## [What is required]
Leave the pictures out and reproduce, exactly, the lines from the one with "# Sketch1 →" through the end of the entries below.

Source records:
>>
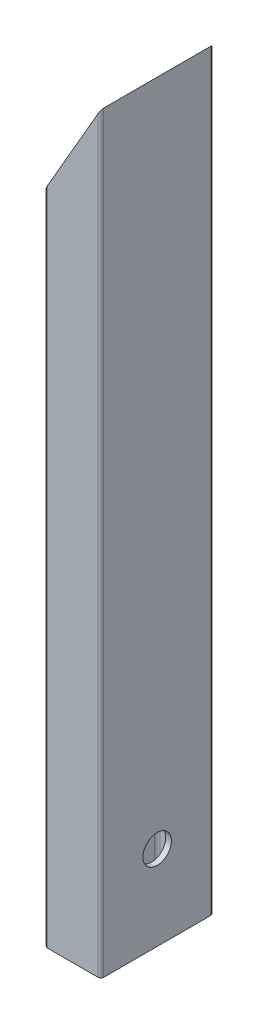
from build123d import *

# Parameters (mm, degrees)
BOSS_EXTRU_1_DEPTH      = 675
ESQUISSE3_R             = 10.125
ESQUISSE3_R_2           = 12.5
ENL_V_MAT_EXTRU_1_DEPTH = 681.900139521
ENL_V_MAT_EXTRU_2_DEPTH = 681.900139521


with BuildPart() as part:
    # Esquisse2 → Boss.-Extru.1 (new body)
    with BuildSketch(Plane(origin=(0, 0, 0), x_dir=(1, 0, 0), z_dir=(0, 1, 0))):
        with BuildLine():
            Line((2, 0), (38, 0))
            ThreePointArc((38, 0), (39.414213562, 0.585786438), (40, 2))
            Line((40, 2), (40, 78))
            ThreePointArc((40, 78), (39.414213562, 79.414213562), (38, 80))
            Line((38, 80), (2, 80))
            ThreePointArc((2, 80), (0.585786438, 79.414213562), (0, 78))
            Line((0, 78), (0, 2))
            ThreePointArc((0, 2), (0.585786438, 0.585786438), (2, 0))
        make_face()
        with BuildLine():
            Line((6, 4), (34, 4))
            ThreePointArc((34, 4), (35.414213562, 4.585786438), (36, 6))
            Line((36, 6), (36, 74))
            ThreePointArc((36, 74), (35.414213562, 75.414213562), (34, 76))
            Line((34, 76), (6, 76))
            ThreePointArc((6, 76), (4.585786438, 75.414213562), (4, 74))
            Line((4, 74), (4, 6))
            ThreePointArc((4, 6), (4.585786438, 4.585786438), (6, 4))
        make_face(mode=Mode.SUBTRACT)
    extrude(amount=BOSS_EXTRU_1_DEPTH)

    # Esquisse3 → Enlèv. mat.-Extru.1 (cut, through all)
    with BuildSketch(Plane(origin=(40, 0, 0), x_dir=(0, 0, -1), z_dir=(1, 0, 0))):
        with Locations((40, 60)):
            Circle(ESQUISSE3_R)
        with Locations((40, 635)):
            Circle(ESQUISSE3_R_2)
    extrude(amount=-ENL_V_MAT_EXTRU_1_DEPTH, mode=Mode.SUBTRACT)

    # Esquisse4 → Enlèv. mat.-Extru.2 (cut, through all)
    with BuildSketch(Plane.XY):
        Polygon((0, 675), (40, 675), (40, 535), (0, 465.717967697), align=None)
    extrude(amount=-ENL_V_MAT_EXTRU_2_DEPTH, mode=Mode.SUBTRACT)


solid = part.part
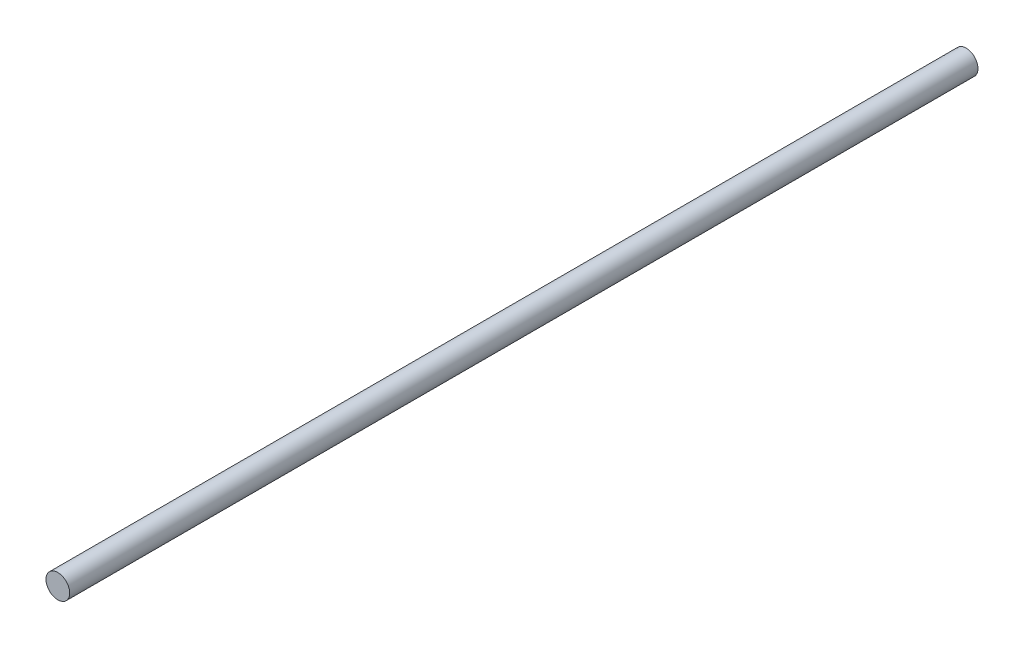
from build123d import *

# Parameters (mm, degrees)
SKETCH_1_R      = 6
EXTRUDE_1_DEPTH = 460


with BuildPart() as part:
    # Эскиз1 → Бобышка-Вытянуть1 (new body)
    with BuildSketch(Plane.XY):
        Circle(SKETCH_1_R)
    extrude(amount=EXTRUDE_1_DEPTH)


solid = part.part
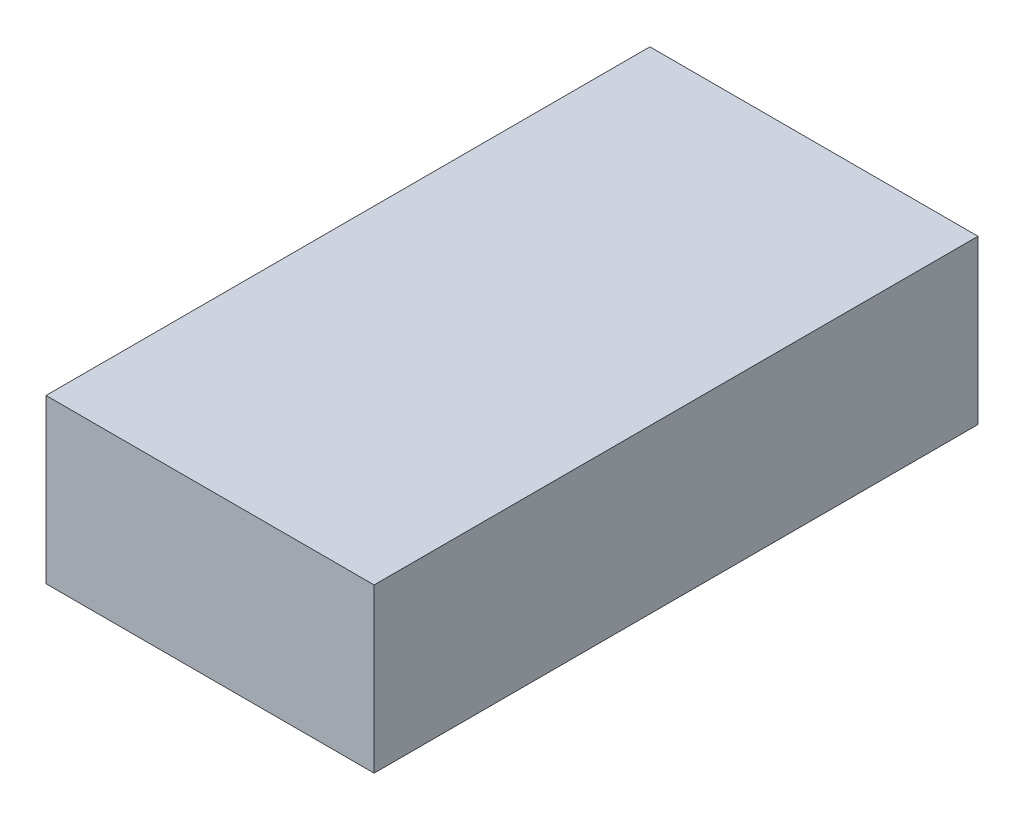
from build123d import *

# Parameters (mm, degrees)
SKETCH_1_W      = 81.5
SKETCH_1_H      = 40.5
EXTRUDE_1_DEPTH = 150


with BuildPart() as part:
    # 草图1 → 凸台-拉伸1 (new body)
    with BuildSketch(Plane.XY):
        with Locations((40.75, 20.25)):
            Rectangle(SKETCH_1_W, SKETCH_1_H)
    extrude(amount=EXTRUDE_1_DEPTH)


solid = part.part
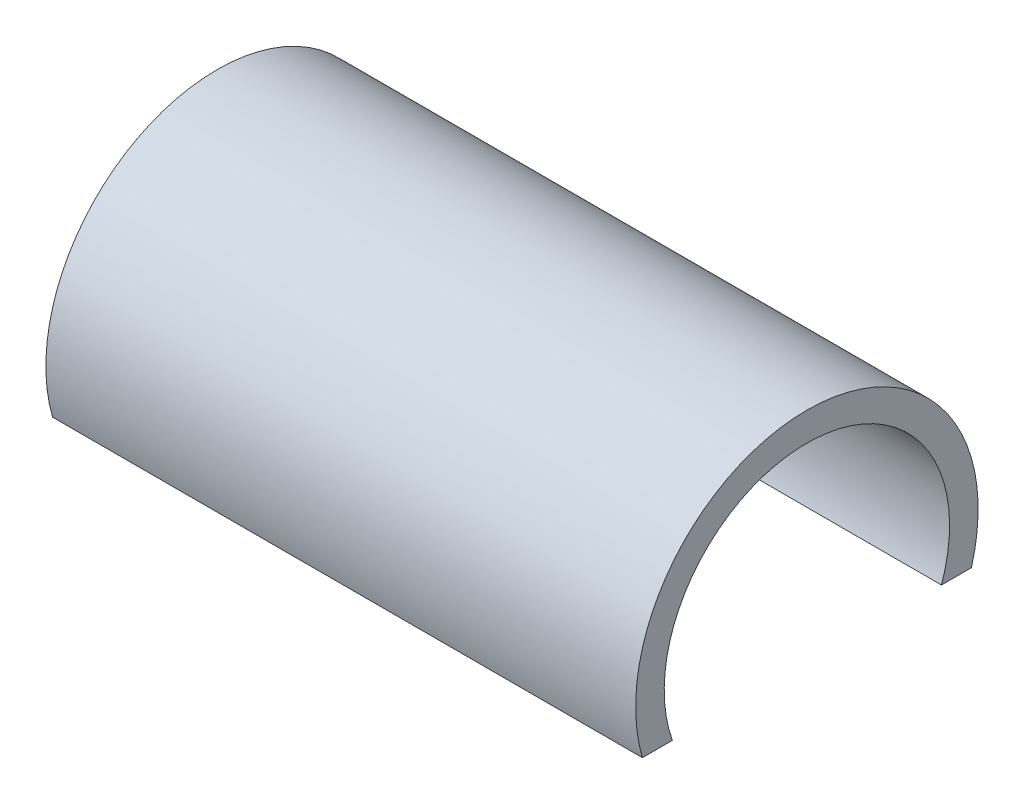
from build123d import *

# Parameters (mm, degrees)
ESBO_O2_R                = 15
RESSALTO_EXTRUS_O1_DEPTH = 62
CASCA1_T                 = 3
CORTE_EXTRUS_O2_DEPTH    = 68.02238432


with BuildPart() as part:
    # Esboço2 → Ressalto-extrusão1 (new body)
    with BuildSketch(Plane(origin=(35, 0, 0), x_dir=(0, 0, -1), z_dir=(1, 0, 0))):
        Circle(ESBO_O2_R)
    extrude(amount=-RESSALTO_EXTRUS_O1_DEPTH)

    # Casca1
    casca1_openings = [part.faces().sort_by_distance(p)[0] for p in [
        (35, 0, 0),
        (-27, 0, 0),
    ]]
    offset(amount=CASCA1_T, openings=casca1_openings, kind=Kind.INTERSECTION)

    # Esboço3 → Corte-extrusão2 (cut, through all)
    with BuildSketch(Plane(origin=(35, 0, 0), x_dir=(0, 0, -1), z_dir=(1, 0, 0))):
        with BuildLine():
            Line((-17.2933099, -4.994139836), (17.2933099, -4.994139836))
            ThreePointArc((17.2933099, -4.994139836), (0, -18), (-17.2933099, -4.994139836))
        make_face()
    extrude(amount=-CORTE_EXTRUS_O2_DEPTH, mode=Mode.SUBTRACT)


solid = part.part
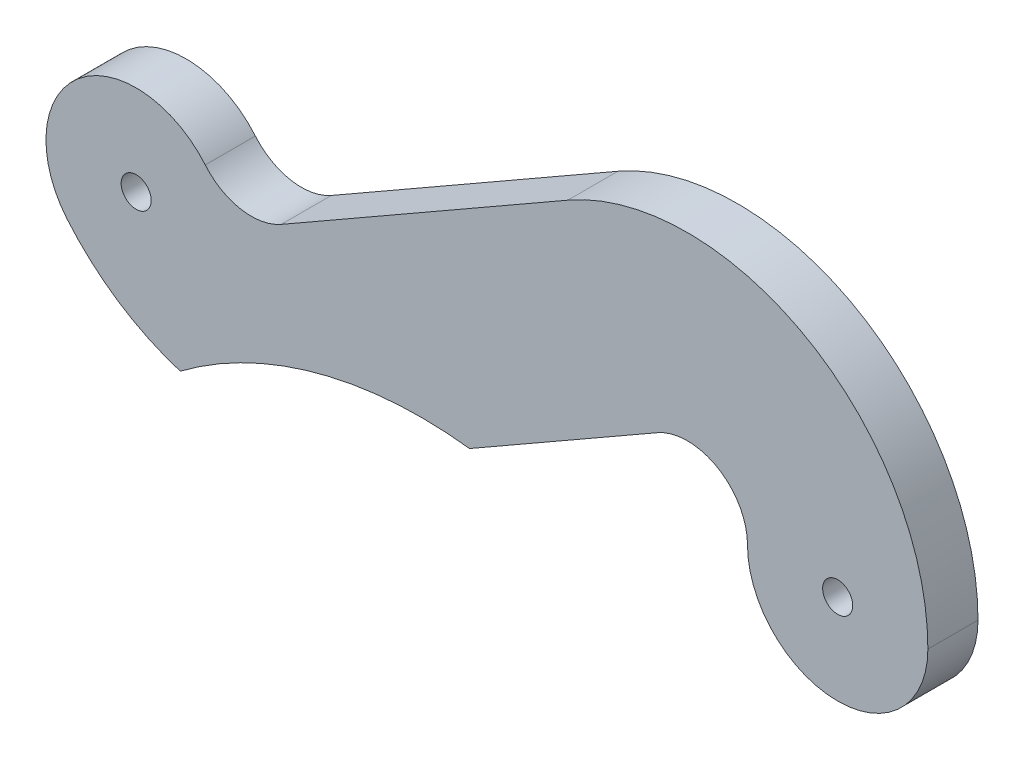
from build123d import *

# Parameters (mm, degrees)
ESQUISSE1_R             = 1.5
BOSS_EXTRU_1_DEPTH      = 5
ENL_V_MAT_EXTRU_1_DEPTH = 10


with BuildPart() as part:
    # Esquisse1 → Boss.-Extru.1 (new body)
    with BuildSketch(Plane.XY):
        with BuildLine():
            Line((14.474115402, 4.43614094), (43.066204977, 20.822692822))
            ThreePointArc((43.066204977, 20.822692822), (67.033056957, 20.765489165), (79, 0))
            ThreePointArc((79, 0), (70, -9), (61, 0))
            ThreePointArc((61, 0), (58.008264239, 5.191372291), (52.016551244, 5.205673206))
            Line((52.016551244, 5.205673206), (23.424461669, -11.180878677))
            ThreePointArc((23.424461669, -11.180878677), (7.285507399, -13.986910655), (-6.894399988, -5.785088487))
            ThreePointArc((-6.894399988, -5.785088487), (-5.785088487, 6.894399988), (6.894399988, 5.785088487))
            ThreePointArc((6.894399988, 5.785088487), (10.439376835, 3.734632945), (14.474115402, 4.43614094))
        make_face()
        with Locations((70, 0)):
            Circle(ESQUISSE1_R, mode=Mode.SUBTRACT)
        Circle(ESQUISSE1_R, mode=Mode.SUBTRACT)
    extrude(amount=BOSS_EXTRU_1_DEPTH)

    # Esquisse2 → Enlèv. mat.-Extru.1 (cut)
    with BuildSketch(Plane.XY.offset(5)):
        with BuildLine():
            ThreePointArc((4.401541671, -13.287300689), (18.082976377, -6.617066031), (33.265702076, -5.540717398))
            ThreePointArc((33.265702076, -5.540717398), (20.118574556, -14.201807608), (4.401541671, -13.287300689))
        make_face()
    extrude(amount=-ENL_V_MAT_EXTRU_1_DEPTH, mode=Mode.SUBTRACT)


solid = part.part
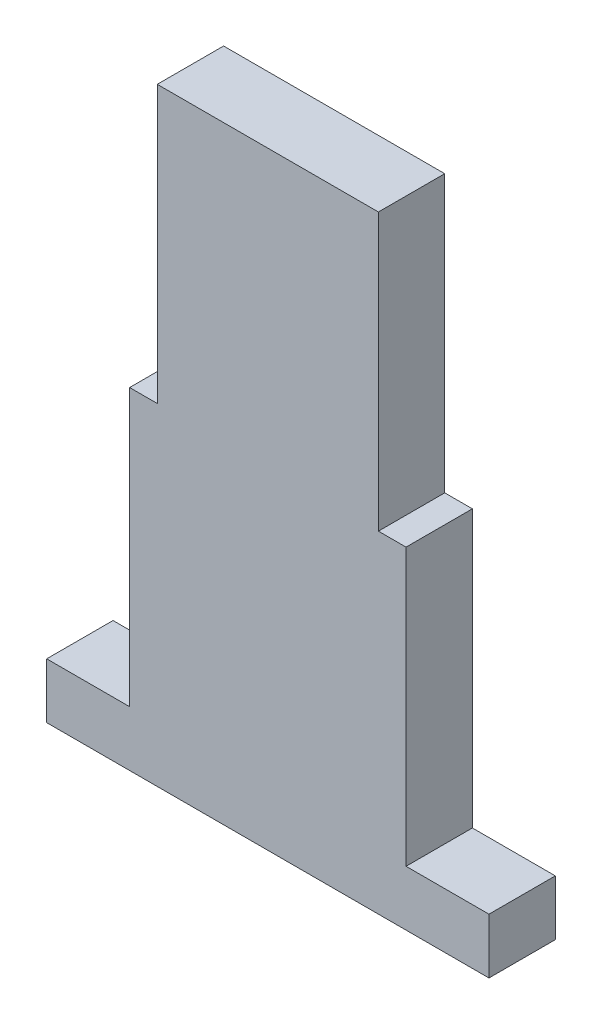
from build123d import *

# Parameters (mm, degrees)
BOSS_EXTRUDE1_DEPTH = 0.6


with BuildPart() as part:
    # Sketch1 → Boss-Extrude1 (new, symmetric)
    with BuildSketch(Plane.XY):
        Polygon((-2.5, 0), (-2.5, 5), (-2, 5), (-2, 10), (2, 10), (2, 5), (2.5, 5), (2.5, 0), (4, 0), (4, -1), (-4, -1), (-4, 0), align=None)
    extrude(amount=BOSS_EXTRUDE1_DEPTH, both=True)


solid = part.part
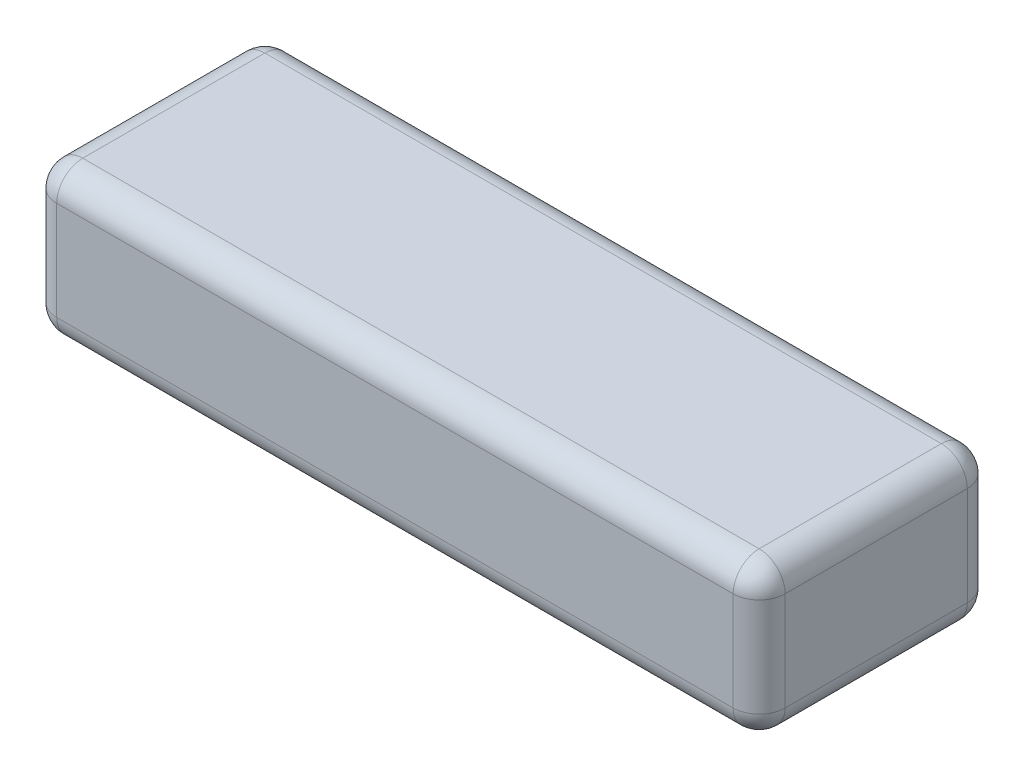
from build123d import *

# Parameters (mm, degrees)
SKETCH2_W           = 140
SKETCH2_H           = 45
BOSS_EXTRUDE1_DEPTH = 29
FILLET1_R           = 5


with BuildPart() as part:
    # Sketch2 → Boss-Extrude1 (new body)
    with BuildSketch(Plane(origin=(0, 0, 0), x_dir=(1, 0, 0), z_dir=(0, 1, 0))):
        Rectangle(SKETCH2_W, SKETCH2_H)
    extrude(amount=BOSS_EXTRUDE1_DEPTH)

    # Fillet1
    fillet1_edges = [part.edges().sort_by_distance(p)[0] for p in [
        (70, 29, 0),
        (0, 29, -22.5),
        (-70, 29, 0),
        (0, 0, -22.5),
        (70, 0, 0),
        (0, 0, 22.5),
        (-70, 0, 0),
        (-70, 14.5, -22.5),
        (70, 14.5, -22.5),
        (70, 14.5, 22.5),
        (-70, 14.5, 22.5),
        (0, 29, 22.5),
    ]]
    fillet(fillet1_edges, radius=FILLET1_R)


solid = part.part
<<
## [Solution for this problem]
    # Sketch1 → Boss-Extrude1 (new, symmetric)
    with BuildSketch(Plane.XY):
        Polygon((-2.5, 0), (-2.5, 5), (-2, 5), (-2, 10), (2, 10), (2, 5), (2.5, 5), (2.5, 0), (4, 0), (4, -1), (-4, -1), (-4, 0), align=None)
    extrude(amount=BOSS_EXTRUDE1_DEPTH, both=True)


solid = part.part
from build123d import *

# Parameters (mm, degrees)
SKETCH2_W           = 140
SKETCH2_H           = 45
BOSS_EXTRUDE1_DEPTH = 29
FILLET1_R           = 5


with BuildPart() as part:
    # Sketch2 → Boss-Extrude1 (new body)
    with BuildSketch(Plane(origin=(0, 0, 0), x_dir=(1, 0, 0), z_dir=(0, 1, 0))):
        Rectangle(SKETCH2_W, SKETCH2_H)
    extrude(amount=BOSS_EXTRUDE1_DEPTH)

    # Fillet1
    fillet1_edges = [part.edges().sort_by_distance(p)[0] for p in [
        (70, 29, 0),
        (0, 29, -22.5),
        (-70, 29, 0),
        (0, 0, -22.5),
        (70, 0, 0),
        (0, 0, 22.5),
        (-70, 0, 0),
        (-70, 14.5, -22.5),
        (70, 14.5, -22.5),
        (70, 14.5, 22.5),
        (-70, 14.5, 22.5),
        (0, 29, 22.5),
    ]]
    fillet(fillet1_edges, radius=FILLET1_R)


solid = part.part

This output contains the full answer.